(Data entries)
::::::::
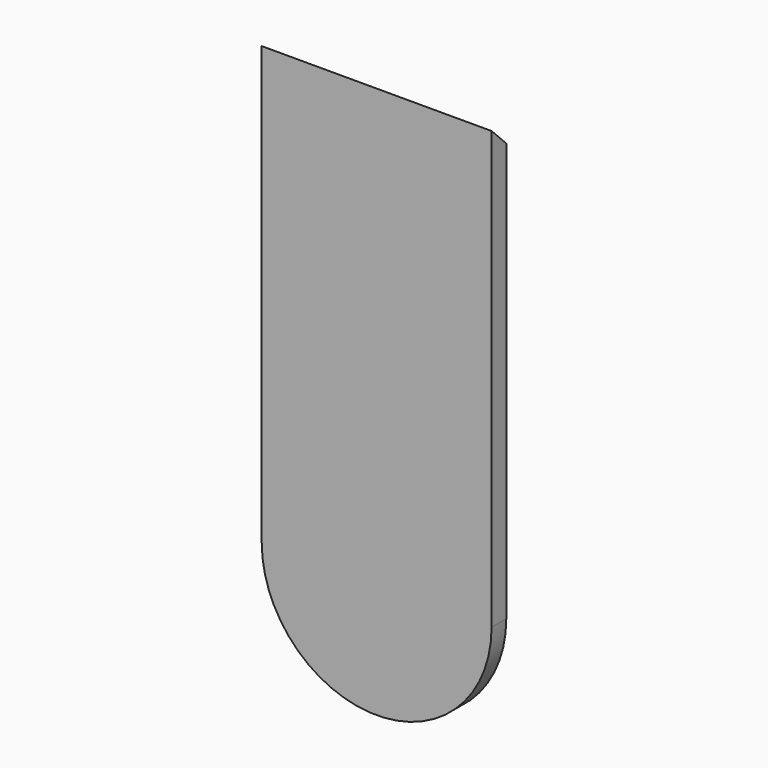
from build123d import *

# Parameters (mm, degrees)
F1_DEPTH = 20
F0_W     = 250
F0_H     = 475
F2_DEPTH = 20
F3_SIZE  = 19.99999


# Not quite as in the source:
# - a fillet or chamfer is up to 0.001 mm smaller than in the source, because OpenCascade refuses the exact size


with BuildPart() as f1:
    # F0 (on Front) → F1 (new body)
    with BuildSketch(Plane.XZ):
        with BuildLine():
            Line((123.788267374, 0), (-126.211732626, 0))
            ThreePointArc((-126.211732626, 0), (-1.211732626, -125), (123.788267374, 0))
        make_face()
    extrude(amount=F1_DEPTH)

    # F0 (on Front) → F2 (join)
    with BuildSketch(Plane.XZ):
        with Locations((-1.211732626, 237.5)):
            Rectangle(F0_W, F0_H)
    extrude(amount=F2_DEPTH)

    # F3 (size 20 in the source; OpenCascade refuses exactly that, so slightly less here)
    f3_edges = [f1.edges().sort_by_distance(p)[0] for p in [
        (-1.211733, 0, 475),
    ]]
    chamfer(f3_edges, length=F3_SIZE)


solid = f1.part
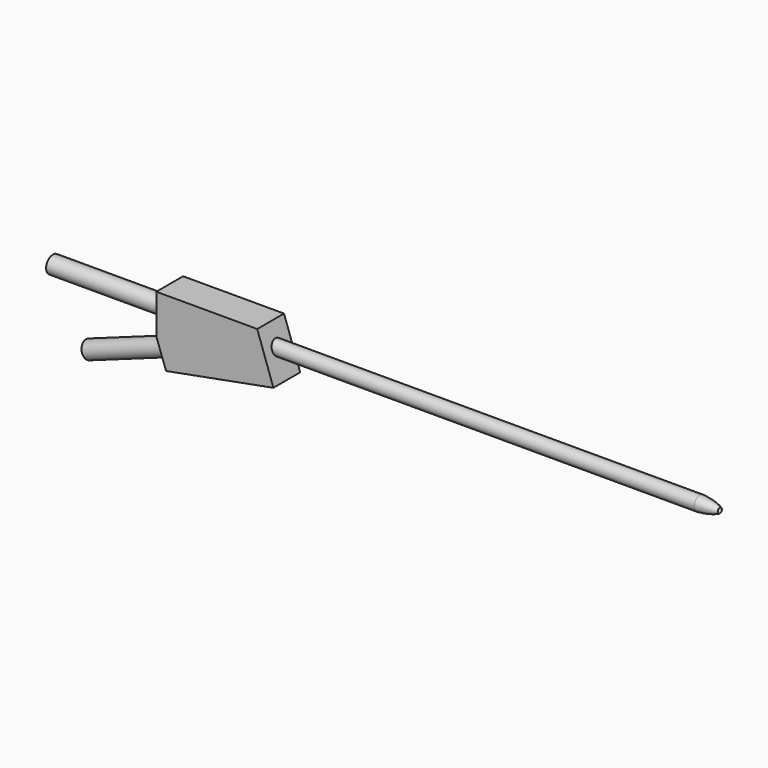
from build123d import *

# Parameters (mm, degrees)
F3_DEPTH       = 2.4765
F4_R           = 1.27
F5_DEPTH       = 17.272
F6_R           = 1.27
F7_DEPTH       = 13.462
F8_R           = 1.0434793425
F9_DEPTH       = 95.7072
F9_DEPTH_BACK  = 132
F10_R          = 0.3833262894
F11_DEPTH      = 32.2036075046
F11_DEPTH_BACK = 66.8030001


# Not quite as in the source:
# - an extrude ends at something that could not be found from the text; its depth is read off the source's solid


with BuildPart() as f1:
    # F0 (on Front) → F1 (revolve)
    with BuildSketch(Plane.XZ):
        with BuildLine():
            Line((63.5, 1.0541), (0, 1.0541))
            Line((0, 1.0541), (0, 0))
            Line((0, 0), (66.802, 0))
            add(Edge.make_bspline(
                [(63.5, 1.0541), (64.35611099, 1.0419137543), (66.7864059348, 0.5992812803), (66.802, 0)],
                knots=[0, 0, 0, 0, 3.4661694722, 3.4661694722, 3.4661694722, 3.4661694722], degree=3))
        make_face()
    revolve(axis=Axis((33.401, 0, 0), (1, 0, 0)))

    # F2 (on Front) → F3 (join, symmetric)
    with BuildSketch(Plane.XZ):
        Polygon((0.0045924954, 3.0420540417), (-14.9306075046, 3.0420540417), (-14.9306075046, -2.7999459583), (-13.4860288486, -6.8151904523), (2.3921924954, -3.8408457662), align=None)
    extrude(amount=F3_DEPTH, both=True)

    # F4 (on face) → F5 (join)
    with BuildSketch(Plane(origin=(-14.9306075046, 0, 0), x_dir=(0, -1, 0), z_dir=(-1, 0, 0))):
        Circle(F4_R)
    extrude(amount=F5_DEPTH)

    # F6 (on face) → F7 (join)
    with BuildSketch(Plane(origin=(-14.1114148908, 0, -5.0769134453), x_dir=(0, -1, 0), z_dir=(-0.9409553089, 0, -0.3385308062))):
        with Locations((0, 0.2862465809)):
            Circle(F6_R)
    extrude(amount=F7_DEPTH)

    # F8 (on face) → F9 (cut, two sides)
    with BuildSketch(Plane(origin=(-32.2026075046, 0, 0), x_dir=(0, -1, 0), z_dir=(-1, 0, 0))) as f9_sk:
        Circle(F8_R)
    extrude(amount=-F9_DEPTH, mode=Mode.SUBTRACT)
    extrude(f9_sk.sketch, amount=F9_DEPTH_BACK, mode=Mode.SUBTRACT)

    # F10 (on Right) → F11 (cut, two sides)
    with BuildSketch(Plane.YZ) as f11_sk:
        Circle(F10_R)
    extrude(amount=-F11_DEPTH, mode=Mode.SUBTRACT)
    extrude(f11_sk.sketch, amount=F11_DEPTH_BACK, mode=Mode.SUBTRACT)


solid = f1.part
::::::::
The problem =>
What is needed is an exact copy of all the data, with no images in it.

Solution to the exercise =>
from build123d import *

# Parameters (mm, degrees)
F1_DEPTH = 20
F0_W     = 250
F0_H     = 475
F2_DEPTH = 20
F3_SIZE  = 19.99999


# Not quite as in the source:
# - a fillet or chamfer is up to 0.001 mm smaller than in the source, because OpenCascade refuses the exact size


with BuildPart() as f1:
    # F0 (on Front) → F1 (new body)
    with BuildSketch(Plane.XZ):
        with BuildLine():
            Line((123.788267374, 0), (-126.211732626, 0))
            ThreePointArc((-126.211732626, 0), (-1.211732626, -125), (123.788267374, 0))
        make_face()
    extrude(amount=F1_DEPTH)

    # F0 (on Front) → F2 (join)
    with BuildSketch(Plane.XZ):
        with Locations((-1.211732626, 237.5)):
            Rectangle(F0_W, F0_H)
    extrude(amount=F2_DEPTH)

    # F3 (size 20 in the source; OpenCascade refuses exactly that, so slightly less here)
    f3_edges = [f1.edges().sort_by_distance(p)[0] for p in [
        (-1.211733, 0, 475),
    ]]
    chamfer(f3_edges, length=F3_SIZE)


solid = f1.part
from build123d import *

# Parameters (mm, degrees)
F3_DEPTH       = 2.4765
F4_R           = 1.27
F5_DEPTH       = 17.272
F6_R           = 1.27
F7_DEPTH       = 13.462
F8_R           = 1.0434793425
F9_DEPTH       = 95.7072
F9_DEPTH_BACK  = 132
F10_R          = 0.3833262894
F11_DEPTH      = 32.2036075046
F11_DEPTH_BACK = 66.8030001


# Not quite as in the source:
# - an extrude ends at something that could not be found from the text; its depth is read off the source's solid


with BuildPart() as f1:
    # F0 (on Front) → F1 (revolve)
    with BuildSketch(Plane.XZ):
        with BuildLine():
            Line((63.5, 1.0541), (0, 1.0541))
            Line((0, 1.0541), (0, 0))
            Line((0, 0), (66.802, 0))
            add(Edge.make_bspline(
                [(63.5, 1.0541), (64.35611099, 1.0419137543), (66.7864059348, 0.5992812803), (66.802, 0)],
                knots=[0, 0, 0, 0, 3.4661694722, 3.4661694722, 3.4661694722, 3.4661694722], degree=3))
        make_face()
    revolve(axis=Axis((33.401, 0, 0), (1, 0, 0)))

    # F2 (on Front) → F3 (join, symmetric)
    with BuildSketch(Plane.XZ):
        Polygon((0.0045924954, 3.0420540417), (-14.9306075046, 3.0420540417), (-14.9306075046, -2.7999459583), (-13.4860288486, -6.8151904523), (2.3921924954, -3.8408457662), align=None)
    extrude(amount=F3_DEPTH, both=True)

    # F4 (on face) → F5 (join)
    with BuildSketch(Plane(origin=(-14.9306075046, 0, 0), x_dir=(0, -1, 0), z_dir=(-1, 0, 0))):
        Circle(F4_R)
    extrude(amount=F5_DEPTH)

    # F6 (on face) → F7 (join)
    with BuildSketch(Plane(origin=(-14.1114148908, 0, -5.0769134453), x_dir=(0, -1, 0), z_dir=(-0.9409553089, 0, -0.3385308062))):
        with Locations((0, 0.2862465809)):
            Circle(F6_R)
    extrude(amount=F7_DEPTH)

    # F8 (on face) → F9 (cut, two sides)
    with BuildSketch(Plane(origin=(-32.2026075046, 0, 0), x_dir=(0, -1, 0), z_dir=(-1, 0, 0))) as f9_sk:
        Circle(F8_R)
    extrude(amount=-F9_DEPTH, mode=Mode.SUBTRACT)
    extrude(f9_sk.sketch, amount=F9_DEPTH_BACK, mode=Mode.SUBTRACT)

    # F10 (on Right) → F11 (cut, two sides)
    with BuildSketch(Plane.YZ) as f11_sk:
        Circle(F10_R)
    extrude(amount=-F11_DEPTH, mode=Mode.SUBTRACT)
    extrude(f11_sk.sketch, amount=F11_DEPTH_BACK, mode=Mode.SUBTRACT)


solid = f1.part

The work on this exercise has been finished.